Some co-finite subsets of rational numbers Is there any $A\subseteq \mathbb{Q}$ such that $A-A$ is a non-trivial co-finite
subset?
Note that $A-A=\{a_1-a_2: a_1,a_2\in A\}$, also see 
A type of integer numbers set.
 A: Let $\Bbb{Q} \cap (1, +\infty) = \{ r_k \}_{k \ge 1}$, then
$$A= \left\{ 1+r_1+\sum_{k=1}^n r_k : n \ge 0\right\} \cup \{ x \in \Bbb{Q} : 0 \le x < 1\}$$
works. With this choice of $A$ you have
$$A-A = \Bbb{Q} \setminus \{ -1, 1 \}$$
WHY DOES $A$ WORK?
For simplicity, let's denote $$B=\left\{ 1+r_1+\sum_{k=1}^n r_k : n \ge 0\right\} = \{ 1+r_1 , 1+2r_1 , 1+2r_1+r_2, 1+2r_1+r_2+r_3 , \dots \}$$, and $C= \Bbb{Q} \cap [0,1)$. Then $A$ is nothing but $B \cup C$. Note that $B \subseteq (1, + \infty )$, so that $B,C$ are disjoint.
Let's show that $A-A \subseteq \Bbb{Q} \setminus \{ -1, 1\}$. It is enough to show that $1 \notin A-A$ (in fact, if $-1 \in A-A$, then $-1=a_1-a_2$, and so $1 = a_2-a_1 \in A-A$). Let $a_1-a_2$ be an element of $A-A$ , with $a_1, a_2 \in A$ and $a_2<a_1$: we need to show that $a_1-a_2 \neq 1$. Divide three cases:


*

*if both $a_1, a_2 \in C$, then $a_1-a_2 < 1$.

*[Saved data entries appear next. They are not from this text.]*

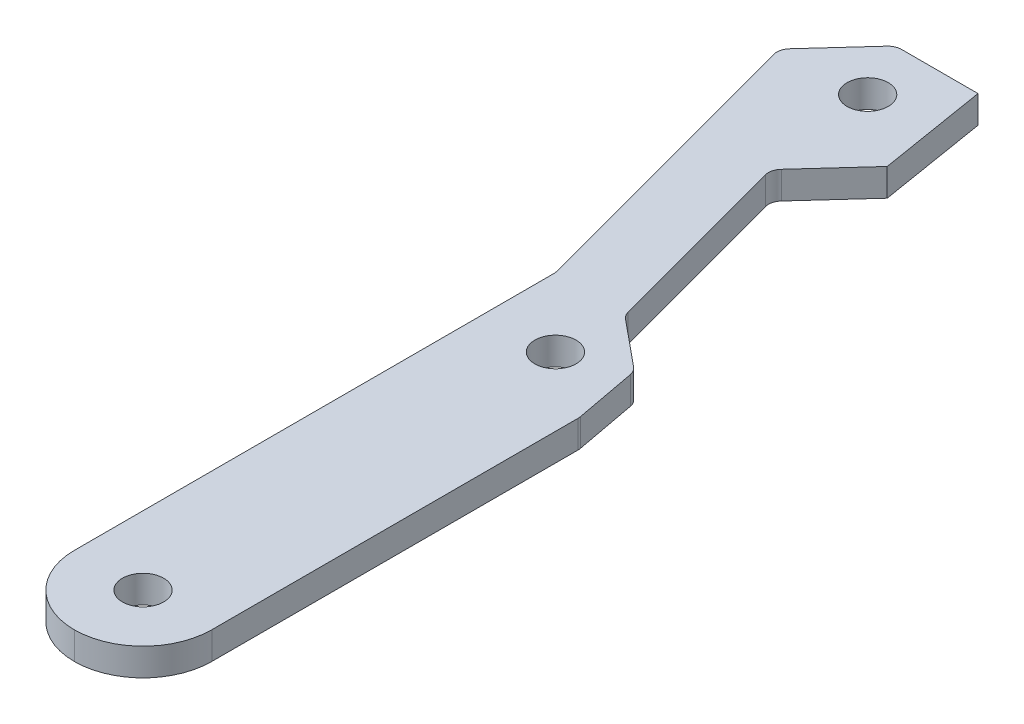
ISO-10303-21;
HEADER;
FILE_DESCRIPTION(('STEP AP214'),'2;1');
FILE_NAME('part.step','',(''),(''),'','','');
FILE_SCHEMA(('AUTOMOTIVE_DESIGN { 1 0 10303 214 1 1 1 1 }'));
ENDSEC;
DATA;
#1=APPLICATION_CONTEXT('core data for automotive mechanical design processes');
#2=APPLICATION_PROTOCOL_DEFINITION('international standard','automotive_design',2000,#1);
#3=PRODUCT_CONTEXT('',#1,'mechanical');
#4=PRODUCT('Part','Part','',(#3));
#5=PRODUCT_RELATED_PRODUCT_CATEGORY('part','',(#4));
#6=PRODUCT_DEFINITION_FORMATION('','',#4);
#7=PRODUCT_DEFINITION_CONTEXT('part definition',#1,'design');
#8=PRODUCT_DEFINITION('design','',#6,#7);
#9=PRODUCT_DEFINITION_SHAPE('','',#8);
#10=(LENGTH_UNIT() NAMED_UNIT(*) SI_UNIT(.MILLI.,.METRE.));
#11=(NAMED_UNIT(*) PLANE_ANGLE_UNIT() SI_UNIT($,.RADIAN.));
#12=(NAMED_UNIT(*) SI_UNIT($,.STERADIAN.) SOLID_ANGLE_UNIT());
#13=UNCERTAINTY_MEASURE_WITH_UNIT(LENGTH_MEASURE(1.E-05),#10,'distance_accuracy_value','');
#14=(GEOMETRIC_REPRESENTATION_CONTEXT(3) GLOBAL_UNCERTAINTY_ASSIGNED_CONTEXT((#13)) GLOBAL_UNIT_ASSIGNED_CONTEXT((#10,
#11,#12)) REPRESENTATION_CONTEXT('',''));
#15=CARTESIAN_POINT('',(0.,0.,0.));
#16=DIRECTION('',(0.,0.,1.));
#17=DIRECTION('',(1.,0.,0.));
#18=AXIS2_PLACEMENT_3D('',#15,#16,#17);
#19=CARTESIAN_POINT('',(9.0831072984746,2.,-36.6564955514148));
#20=DIRECTION('',(-0.635180695093632,0.,0.772363570205361));
#21=DIRECTION('',(0.77236357020536,0.,0.635180695093632));
#22=AXIS2_PLACEMENT_3D('',#19,#20,#21);
#23=PLANE('',#22);
#24=DIRECTION('',(-0.772363570205361,0.,-0.635180695093632));
#25=VECTOR('',#24,1.);
#26=CARTESIAN_POINT('',(9.0831072984746,0.,-36.6564955514148));
#27=LINE('',#26,#25);
#28=CARTESIAN_POINT('',(8.80198994888827,0.,-36.8876824178094));
#29=VERTEX_POINT('',#28);
#30=CARTESIAN_POINT('',(5.46902004973484,0.,-39.6286689414326));
#31=VERTEX_POINT('',#30);
#32=EDGE_CURVE('E211',#29,#31,#27,.T.);
#33=ORIENTED_EDGE('',*,*,#32,.T.);
#34=DIRECTION('',(0.,-1.,0.));
#35=VECTOR('',#34,1.);
#36=CARTESIAN_POINT('',(5.46902004973484,2.,-39.6286689414326));
#37=LINE('',#36,#35);
#38=CARTESIAN_POINT('',(5.46902004973484,2.,-39.6286689414326));
#39=VERTEX_POINT('',#38);
#40=EDGE_CURVE('E296',#31,#39,#37,.F.);
#41=ORIENTED_EDGE('',*,*,#40,.T.);
#42=DIRECTION('',(-0.772363570205361,0.,-0.635180695093632));
#43=VECTOR('',#42,1.);
#44=CARTESIAN_POINT('',(9.0831072984746,2.,-36.6564955514148));
#45=LINE('',#44,#43);
#46=CARTESIAN_POINT('',(8.80198994888827,2.,-36.8876824178094));
#47=VERTEX_POINT('',#46);
#48=EDGE_CURVE('E237',#47,#39,#45,.T.);
#49=ORIENTED_EDGE('',*,*,#48,.F.);
#50=DIRECTION('',(0.,-1.,0.));
#51=VECTOR('',#50,1.);
#52=CARTESIAN_POINT('',(8.80198994888827,2.,-36.8876824178094));
#53=LINE('',#52,#51);
#54=EDGE_CURVE('E293',#47,#29,#53,.T.);
#55=ORIENTED_EDGE('',*,*,#54,.T.);
#56=EDGE_LOOP('',(#33,#41,#49,#55));
#57=FACE_BOUND('',#56,.T.);
#58=ADVANCED_FACE('F36',(#57),#23,.F.);
#59=CARTESIAN_POINT('',(5.22128944744779,2.,-39.832399026883));
#60=DIRECTION('',(-0.965925826289068,0.,0.258819045102522));
#61=DIRECTION('',(0.258819045102522,0.,0.965925826289068));
#62=AXIS2_PLACEMENT_3D('',#59,#60,#61);
#63=PLANE('',#62);
#64=DIRECTION('',(-0.258819045102522,0.,-0.965925826289068));
#65=VECTOR('',#64,1.);
#66=CARTESIAN_POINT('',(5.22128944744779,0.,-39.832399026883));
#67=LINE('',#66,#65);
#68=CARTESIAN_POINT('',(5.1382749185394,0.,-40.1422134665355));
#69=VERTEX_POINT('',#68);
#70=CARTESIAN_POINT('',(1.4805239588902,0.,-53.7931258893801));
#71=VERTEX_POINT('',#70);
#72=EDGE_CURVE('E214',#69,#71,#67,.T.);
#73=ORIENTED_EDGE('',*,*,#72,.T.);
#74=DIRECTION('',(0.,-1.,0.));
#75=VECTOR('',#74,1.);
#76=CARTESIAN_POINT('',(1.4805239588902,2.,-53.7931258893801));
#77=LINE('',#76,#75);
#78=CARTESIAN_POINT('',(1.4805239588902,2.,-53.7931258893801));
#79=VERTEX_POINT('',#78);
#80=EDGE_CURVE('E291',#71,#79,#77,.F.);
#81=ORIENTED_EDGE('',*,*,#80,.T.);
#82=DIRECTION('',(-0.258819045102522,0.,-0.965925826289068));
#83=VECTOR('',#82,1.);
#84=CARTESIAN_POINT('',(5.22128944744779,2.,-39.832399026883));
#85=LINE('',#84,#83);
#86=CARTESIAN_POINT('',(5.1382749185394,2.,-40.1422134665355));
#87=VERTEX_POINT('',#86);
#88=EDGE_CURVE('E180',#87,#79,#85,.T.);
#89=ORIENTED_EDGE('',*,*,#88,.F.);
#90=DIRECTION('',(0.,-1.,0.));
#91=VECTOR('',#90,1.);
#92=CARTESIAN_POINT('',(5.1382749185394,0.,-40.1422134665355));
#93=LINE('',#92,#91);
#94=EDGE_CURVE('E288',#87,#69,#93,.T.);
#95=ORIENTED_EDGE('',*,*,#94,.T.);
#96=EDGE_LOOP('',(#73,#81,#89,#95));
#97=FACE_BOUND('',#96,.T.);
#98=ADVANCED_FACE('F326',(#97),#63,.F.);
#99=CARTESIAN_POINT('',(5.38009652094981,2.,-58.7563252469313));
#100=DIRECTION('',(-0.739173137618714,0.,-0.673515458339974));
#101=DIRECTION('',(-0.673515458339974,0.,0.739173137618714));
#102=AXIS2_PLACEMENT_3D('',#99,#100,#101);
#103=PLANE('',#102);
#104=DIRECTION('',(0.673515458339974,0.,-0.739173137618714));
#105=VECTOR('',#104,1.);
#106=CARTESIAN_POINT('',(5.38009652094981,2.,-58.7563252469313));
#107=LINE('',#106,#105);
#108=CARTESIAN_POINT('',(1.70727664756055,2.,-54.7254603928226));
#109=VERTEX_POINT('',#108);
#110=CARTESIAN_POINT('',(5.38009652094981,2.,-58.7563252469313));
#111=VERTEX_POINT('',#110);
#112=EDGE_CURVE('E167',#109,#111,#107,.T.);
#113=ORIENTED_EDGE('',*,*,#112,.F.);
#114=DIRECTION('',(0.,-1.,0.));
#115=VECTOR('',#114,1.);
#116=CARTESIAN_POINT('',(1.70727664756055,0.,-54.7254603928226));
#117=LINE('',#116,#115);
#118=CARTESIAN_POINT('',(1.70727664756055,0.,-54.7254603928226));
#119=VERTEX_POINT('',#118);
#120=EDGE_CURVE('E286',#109,#119,#117,.T.);
#121=ORIENTED_EDGE('',*,*,#120,.T.);
#122=DIRECTION('',(0.673515458339974,0.,-0.739173137618714));
#123=VECTOR('',#122,1.);
#124=CARTESIAN_POINT('',(5.38009652094981,0.,-58.7563252469313));
#125=LINE('',#124,#123);
#126=CARTESIAN_POINT('',(5.38009652094981,0.,-58.7563252469313));
#127=VERTEX_POINT('',#126);
#128=EDGE_CURVE('E186',#119,#127,#125,.T.);
#129=ORIENTED_EDGE('',*,*,#128,.T.);
#130=DIRECTION('',(0.,-1.,0.));
#131=VECTOR('',#130,1.);
#132=CARTESIAN_POINT('',(5.38009652094981,2.,-58.7563252469313));
#133=LINE('',#132,#131);
#134=EDGE_CURVE('E183',#111,#127,#133,.T.);
#135=ORIENTED_EDGE('',*,*,#134,.F.);
#136=EDGE_LOOP('',(#113,#121,#129,#135));
#137=FACE_BOUND('',#136,.T.);
#138=ADVANCED_FACE('F184',(#137),#103,.F.);
#139=CARTESIAN_POINT('',(4.08825471268183,2.,-66.6513328303609));
#140=DIRECTION('',(-0.9868759479287,0.,0.161480226033497));
#141=DIRECTION('',(0.161480226033497,0.,0.9868759479287));
#142=AXIS2_PLACEMENT_3D('',#139,#140,#141);
#143=PLANE('',#142);
#144=DIRECTION('',(-0.161480226033497,0.,-0.9868759479287));
#145=VECTOR('',#144,1.);
#146=CARTESIAN_POINT('',(4.08825471268183,0.,-66.6513328303609));
#147=LINE('',#146,#145);
#148=CARTESIAN_POINT('',(4.08825471268183,0.,-66.6513328303609));
#149=VERTEX_POINT('',#148);
#150=EDGE_CURVE('E219',#127,#149,#147,.T.);
#151=ORIENTED_EDGE('',*,*,#150,.T.);
#152=DIRECTION('',(0.,-1.,0.));
#153=VECTOR('',#152,1.);
#154=CARTESIAN_POINT('',(4.08825471268183,2.,-66.6513328303609));
#155=LINE('',#154,#153);
#156=CARTESIAN_POINT('',(4.08825471268183,2.,-66.6513328303609));
#157=VERTEX_POINT('',#156);
#158=EDGE_CURVE('E190',#157,#149,#155,.T.);
#159=ORIENTED_EDGE('',*,*,#158,.F.);
#160=DIRECTION('',(-0.161480226033497,0.,-0.9868759479287));
#161=VECTOR('',#160,1.);
#162=CARTESIAN_POINT('',(4.08825471268183,2.,-66.6513328303609));
#163=LINE('',#162,#161);
#164=EDGE_CURVE('E172',#111,#157,#163,.T.);
#165=ORIENTED_EDGE('',*,*,#164,.F.);
#166=ORIENTED_EDGE('',*,*,#134,.T.);
#167=EDGE_LOOP('',(#151,#159,#165,#166));
#168=FACE_BOUND('',#167,.T.);
#169=ADVANCED_FACE('F192',(#168),#143,.F.);
#170=CARTESIAN_POINT('',(-1.91174528731817,2.,-66.6513328303609));
#171=DIRECTION('',(0.,0.,1.));
#172=DIRECTION('',(1.,0.,0.));
#173=AXIS2_PLACEMENT_3D('',#170,#171,#172);
#174=PLANE('',#173);
#175=DIRECTION('',(-1.,0.,0.));
#176=VECTOR('',#175,1.);
#177=CARTESIAN_POINT('',(-1.91174528731817,0.,-66.6513328303609));
#178=LINE('',#177,#176);
#179=CARTESIAN_POINT('',(-1.47005642574534,0.,-66.6513328303609));
#180=VERTEX_POINT('',#179);
#181=EDGE_CURVE('E221',#149,#180,#178,.T.);
#182=ORIENTED_EDGE('',*,*,#181,.T.);
#183=DIRECTION('',(0.,-1.,0.));
#184=VECTOR('',#183,1.);
#185=CARTESIAN_POINT('',(-1.47005642574534,2.,-66.6513328303609));
#186=LINE('',#185,#184);
#187=CARTESIAN_POINT('',(-1.47005642574534,2.,-66.6513328303609));
#188=VERTEX_POINT('',#187);
#189=EDGE_CURVE('E59',#180,#188,#186,.F.);
#190=ORIENTED_EDGE('',*,*,#189,.T.);
#191=DIRECTION('',(-1.,0.,0.));
#192=VECTOR('',#191,1.);
#193=CARTESIAN_POINT('',(-1.91174528731817,2.,-66.6513328303609));
#194=LINE('',#193,#192);
#195=EDGE_CURVE('E194',#157,#188,#194,.T.);
#196=ORIENTED_EDGE('',*,*,#195,.F.);
#197=ORIENTED_EDGE('',*,*,#158,.T.);
#198=EDGE_LOOP('',(#182,#190,#196,#197));
#199=FACE_BOUND('',#198,.T.);
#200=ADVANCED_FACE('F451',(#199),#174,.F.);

*if both $a_1, a_2 \in B$, then $$a_1-a_2 = (1+r_1+r_1+ \dots + r_m + \dots +r_n)- (1+ r_1 +r_1 + \dots + r_m) =\\= r_{m+1} + \dots + r_n > 1$$

*if $a_1 \in B$ and $a_2 \in C$, then
$$a_1-a_2 = (1+ r_1+r_1 + \dots + r_n)-a_2 > (1+r_1+r_1 \dots + r_n) - 1 =\\= r_1 +r_1+ \dots + r_n > 1$$
In any case, $a_1-a_2 \neq 1$, so we proved the first inclusion.
For the other inclusion $\Bbb{Q} \setminus \{ -1, 1\} \subseteq A-A$, we divide four cases:


*

*for all $x \in \Bbb{Q} \cap (- \infty , -1)$ we have that $-x = r_k$ for some $k$. Then *
$$x = -r_k = (1+r_1 +r_1 + \dots + r_{k-1})-(1+r_1 +r_1 + \dots + r_{k}) \in A-A$$

*for all $x \in \Bbb{Q} \cap (-1,0)$ we have $-x \in C$, hence
$$x= 0-(-x) \in A-A$$

*for all $x \in \Bbb{Q} \cap [0,1)$ we have $x \in C$, hence
$$x= x-0 \in A-A$$

*for all $x \in \Bbb{Q} \cap (1, + \infty )$ we have that $x = r_k$ for some $k$. Then *
$$x = r_k = (1+r_1 +r_1 + \dots + r_k)-(1+r_1 +r_1 + \dots + r_{k-1}) \in A-A$$
*Note that here we have $r_1+ \dots + r_{k-1}$, which has to be intended as the empty sum ($=0$) for $k=1$.
In any case $x \in A-A$, and so we proved the other inclusion.